# YOUR OBJECTIVE
Skip all pictures. Write out the data below from its first line through the line that contains "layer by layer".

Collected data:

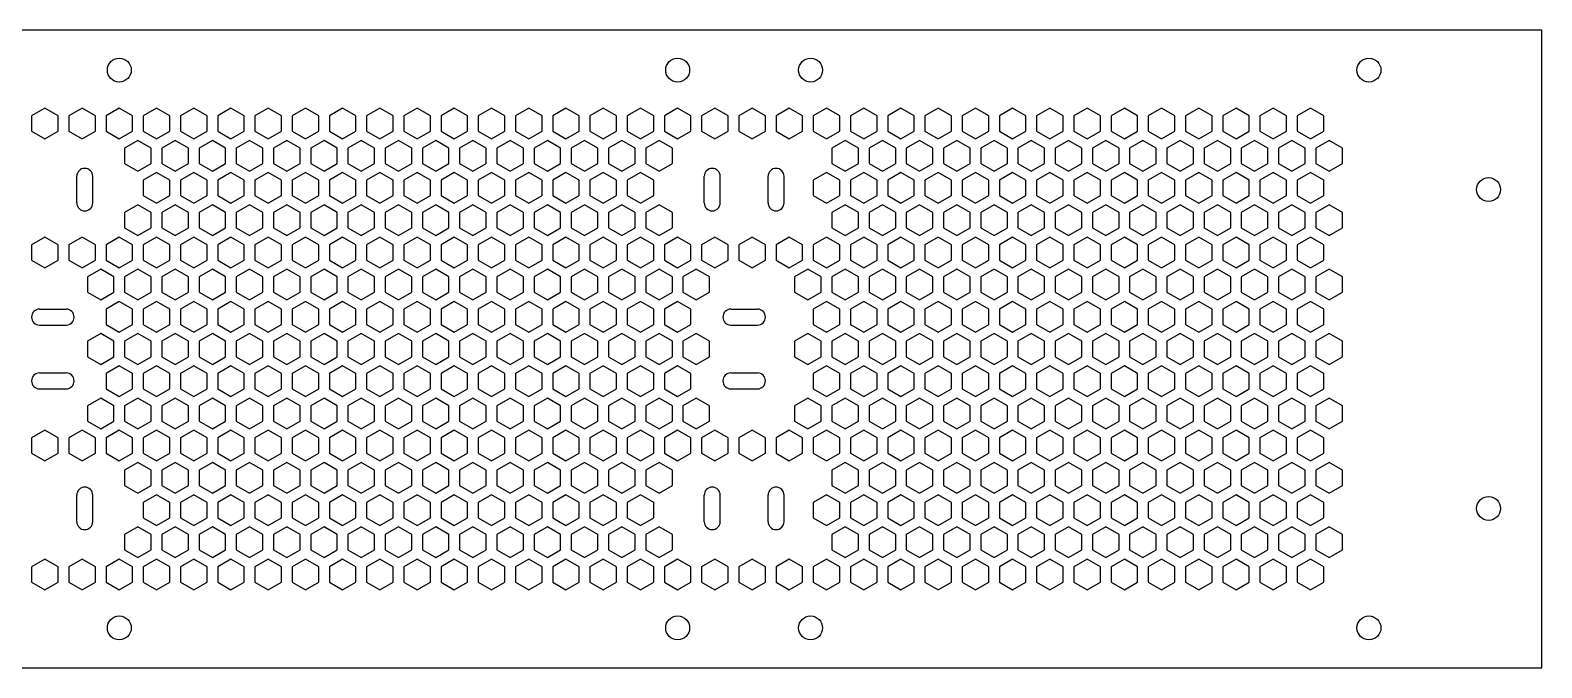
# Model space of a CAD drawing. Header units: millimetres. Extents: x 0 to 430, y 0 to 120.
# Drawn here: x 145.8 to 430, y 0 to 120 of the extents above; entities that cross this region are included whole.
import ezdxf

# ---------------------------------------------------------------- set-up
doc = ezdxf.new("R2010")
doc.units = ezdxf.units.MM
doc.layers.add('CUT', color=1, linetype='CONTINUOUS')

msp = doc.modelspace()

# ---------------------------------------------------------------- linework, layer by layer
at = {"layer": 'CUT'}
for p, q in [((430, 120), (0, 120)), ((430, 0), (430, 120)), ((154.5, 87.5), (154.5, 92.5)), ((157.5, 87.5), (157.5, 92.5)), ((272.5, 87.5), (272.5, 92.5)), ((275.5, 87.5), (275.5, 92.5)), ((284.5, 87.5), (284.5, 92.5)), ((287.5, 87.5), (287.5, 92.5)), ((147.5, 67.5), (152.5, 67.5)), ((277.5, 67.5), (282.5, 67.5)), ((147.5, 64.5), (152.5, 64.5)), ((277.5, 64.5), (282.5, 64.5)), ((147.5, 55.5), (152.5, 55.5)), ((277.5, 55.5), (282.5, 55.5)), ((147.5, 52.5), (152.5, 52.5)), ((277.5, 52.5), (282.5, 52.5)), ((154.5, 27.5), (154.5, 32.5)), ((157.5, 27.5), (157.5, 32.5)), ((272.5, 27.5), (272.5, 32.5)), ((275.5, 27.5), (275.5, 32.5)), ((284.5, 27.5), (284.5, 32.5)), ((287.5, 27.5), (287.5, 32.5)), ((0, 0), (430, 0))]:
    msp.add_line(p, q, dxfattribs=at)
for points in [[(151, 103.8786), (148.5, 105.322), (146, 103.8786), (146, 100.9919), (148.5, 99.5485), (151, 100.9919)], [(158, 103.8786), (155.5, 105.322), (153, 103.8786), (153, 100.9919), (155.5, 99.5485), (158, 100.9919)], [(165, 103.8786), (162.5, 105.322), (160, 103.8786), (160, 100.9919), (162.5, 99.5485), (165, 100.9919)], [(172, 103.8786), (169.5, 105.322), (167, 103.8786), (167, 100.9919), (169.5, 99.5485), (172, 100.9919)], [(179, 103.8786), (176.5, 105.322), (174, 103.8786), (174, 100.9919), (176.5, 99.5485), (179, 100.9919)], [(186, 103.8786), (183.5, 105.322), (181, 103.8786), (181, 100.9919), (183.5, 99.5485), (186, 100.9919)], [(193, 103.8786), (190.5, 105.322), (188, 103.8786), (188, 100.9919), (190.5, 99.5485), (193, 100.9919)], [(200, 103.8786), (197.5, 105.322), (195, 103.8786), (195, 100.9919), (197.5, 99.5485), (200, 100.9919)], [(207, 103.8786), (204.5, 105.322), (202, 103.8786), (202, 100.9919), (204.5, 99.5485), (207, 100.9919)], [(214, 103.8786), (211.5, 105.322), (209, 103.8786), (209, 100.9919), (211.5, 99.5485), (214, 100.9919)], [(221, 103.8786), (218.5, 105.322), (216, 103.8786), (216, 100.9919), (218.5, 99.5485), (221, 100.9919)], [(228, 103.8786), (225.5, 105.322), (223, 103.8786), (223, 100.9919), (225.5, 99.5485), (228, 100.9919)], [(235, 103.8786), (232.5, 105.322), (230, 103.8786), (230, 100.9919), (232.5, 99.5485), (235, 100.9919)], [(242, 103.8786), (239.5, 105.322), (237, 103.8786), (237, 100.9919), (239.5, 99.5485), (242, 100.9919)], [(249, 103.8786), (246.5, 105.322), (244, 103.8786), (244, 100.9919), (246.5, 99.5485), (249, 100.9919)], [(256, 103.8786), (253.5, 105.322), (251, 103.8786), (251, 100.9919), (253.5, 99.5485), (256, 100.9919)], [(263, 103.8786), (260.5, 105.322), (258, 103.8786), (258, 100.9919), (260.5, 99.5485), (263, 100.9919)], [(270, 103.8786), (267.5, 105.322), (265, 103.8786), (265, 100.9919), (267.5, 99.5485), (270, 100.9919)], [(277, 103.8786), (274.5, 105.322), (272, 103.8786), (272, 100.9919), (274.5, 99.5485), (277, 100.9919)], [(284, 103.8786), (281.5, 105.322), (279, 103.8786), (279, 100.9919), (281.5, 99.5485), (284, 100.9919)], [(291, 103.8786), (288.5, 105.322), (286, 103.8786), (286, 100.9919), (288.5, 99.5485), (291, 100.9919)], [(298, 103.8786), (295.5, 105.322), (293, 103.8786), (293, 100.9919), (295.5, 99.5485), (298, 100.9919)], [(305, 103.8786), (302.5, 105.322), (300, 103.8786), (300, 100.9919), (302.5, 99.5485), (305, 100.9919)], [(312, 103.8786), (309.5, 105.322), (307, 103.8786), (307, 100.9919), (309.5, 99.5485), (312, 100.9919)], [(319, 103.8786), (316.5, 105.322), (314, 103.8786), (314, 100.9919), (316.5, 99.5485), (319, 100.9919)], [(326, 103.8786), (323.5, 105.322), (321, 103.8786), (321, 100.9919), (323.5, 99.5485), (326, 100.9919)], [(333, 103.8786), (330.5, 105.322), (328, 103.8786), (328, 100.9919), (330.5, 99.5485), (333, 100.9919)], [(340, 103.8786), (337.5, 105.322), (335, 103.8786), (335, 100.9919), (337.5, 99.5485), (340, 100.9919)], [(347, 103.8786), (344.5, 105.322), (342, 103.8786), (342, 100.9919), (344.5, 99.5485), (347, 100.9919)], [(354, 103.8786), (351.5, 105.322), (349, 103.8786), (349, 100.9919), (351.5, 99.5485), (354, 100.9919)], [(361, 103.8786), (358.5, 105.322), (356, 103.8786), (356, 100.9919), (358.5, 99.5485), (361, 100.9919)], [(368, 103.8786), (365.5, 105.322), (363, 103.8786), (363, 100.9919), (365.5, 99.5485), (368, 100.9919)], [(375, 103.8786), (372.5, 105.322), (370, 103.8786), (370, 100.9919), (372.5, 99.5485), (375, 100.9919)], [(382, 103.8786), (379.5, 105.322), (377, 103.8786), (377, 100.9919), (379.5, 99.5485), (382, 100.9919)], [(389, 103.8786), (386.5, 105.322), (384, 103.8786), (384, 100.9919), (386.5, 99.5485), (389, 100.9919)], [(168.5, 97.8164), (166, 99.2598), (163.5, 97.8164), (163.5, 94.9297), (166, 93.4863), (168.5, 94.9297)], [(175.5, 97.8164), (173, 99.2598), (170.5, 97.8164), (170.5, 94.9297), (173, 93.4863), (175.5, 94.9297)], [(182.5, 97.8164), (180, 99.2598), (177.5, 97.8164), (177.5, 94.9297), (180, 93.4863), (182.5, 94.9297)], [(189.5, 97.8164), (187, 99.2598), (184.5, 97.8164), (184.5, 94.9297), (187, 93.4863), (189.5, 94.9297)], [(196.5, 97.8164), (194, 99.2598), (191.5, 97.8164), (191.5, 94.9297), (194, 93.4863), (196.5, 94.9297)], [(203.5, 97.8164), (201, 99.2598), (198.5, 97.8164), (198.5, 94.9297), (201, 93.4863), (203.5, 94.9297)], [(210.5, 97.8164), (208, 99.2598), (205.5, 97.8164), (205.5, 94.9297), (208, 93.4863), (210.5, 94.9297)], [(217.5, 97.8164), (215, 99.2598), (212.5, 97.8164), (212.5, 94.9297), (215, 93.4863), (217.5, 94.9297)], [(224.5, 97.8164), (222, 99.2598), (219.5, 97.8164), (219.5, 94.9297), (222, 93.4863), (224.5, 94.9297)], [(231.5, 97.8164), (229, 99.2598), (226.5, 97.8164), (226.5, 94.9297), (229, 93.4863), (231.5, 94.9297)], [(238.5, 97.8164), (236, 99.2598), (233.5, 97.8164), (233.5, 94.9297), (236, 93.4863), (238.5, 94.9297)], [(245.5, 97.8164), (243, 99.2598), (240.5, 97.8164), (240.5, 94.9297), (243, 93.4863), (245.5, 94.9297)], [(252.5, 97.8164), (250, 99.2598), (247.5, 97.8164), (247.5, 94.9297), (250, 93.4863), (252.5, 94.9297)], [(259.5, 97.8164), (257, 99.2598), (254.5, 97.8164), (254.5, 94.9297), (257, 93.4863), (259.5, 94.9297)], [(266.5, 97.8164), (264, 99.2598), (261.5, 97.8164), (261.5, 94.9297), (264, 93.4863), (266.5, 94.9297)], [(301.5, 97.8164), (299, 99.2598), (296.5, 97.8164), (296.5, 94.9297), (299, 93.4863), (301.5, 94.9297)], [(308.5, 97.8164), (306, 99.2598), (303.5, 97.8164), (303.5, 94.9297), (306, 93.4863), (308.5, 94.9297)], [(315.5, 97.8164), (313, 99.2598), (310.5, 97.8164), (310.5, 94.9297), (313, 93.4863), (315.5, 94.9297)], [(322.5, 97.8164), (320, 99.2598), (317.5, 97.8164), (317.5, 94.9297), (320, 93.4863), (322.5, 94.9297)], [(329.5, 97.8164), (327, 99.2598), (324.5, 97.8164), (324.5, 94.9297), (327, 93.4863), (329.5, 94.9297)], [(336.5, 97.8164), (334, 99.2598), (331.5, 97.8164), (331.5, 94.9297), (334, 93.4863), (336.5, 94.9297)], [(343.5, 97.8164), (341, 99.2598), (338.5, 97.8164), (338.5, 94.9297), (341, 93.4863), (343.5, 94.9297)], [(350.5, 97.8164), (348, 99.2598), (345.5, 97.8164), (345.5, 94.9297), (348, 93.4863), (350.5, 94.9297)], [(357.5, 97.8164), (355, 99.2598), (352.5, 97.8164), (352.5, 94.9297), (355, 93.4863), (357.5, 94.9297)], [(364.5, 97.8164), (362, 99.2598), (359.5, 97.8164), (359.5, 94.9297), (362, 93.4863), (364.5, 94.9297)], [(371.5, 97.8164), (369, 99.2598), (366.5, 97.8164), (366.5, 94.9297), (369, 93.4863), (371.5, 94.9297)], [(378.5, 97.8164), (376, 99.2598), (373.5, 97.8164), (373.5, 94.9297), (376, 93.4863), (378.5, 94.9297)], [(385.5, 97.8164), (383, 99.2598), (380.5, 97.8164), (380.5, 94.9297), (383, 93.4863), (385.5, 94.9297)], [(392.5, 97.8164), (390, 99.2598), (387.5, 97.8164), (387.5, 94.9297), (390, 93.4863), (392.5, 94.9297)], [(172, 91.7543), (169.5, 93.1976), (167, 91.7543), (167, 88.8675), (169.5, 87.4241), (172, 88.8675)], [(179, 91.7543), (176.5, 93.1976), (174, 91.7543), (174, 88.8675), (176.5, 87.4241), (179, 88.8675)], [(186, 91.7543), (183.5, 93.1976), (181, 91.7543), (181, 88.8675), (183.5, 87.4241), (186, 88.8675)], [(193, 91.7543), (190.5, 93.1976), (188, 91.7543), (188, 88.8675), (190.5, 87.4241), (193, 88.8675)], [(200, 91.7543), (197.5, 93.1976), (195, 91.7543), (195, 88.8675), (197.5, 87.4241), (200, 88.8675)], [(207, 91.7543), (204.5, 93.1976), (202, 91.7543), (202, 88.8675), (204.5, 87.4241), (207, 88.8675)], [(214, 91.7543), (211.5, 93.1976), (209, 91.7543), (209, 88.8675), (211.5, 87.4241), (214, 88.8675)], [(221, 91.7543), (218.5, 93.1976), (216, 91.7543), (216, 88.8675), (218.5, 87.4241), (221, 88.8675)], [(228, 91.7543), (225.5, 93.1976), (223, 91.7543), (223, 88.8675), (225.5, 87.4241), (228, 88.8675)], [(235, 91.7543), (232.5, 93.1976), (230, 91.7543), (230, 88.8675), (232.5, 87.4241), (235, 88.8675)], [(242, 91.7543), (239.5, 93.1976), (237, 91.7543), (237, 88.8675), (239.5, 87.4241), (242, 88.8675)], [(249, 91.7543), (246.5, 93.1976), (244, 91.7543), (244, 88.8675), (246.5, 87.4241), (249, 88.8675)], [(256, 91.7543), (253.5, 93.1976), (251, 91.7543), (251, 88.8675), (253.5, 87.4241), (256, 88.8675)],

# RESULT FOR THIS TASK
# Model space of a CAD drawing. Header units: millimetres. Extents: x 0 to 430, y 0 to 120.
# Drawn here: x 145.8 to 430, y 0 to 120 of the extents above; entities that cross this region are included whole.
import ezdxf

# ---------------------------------------------------------------- set-up
doc = ezdxf.new("R2010")
doc.units = ezdxf.units.MM
doc.layers.add('CUT', color=1, linetype='CONTINUOUS')

msp = doc.modelspace()

# ---------------------------------------------------------------- linework, layer by layer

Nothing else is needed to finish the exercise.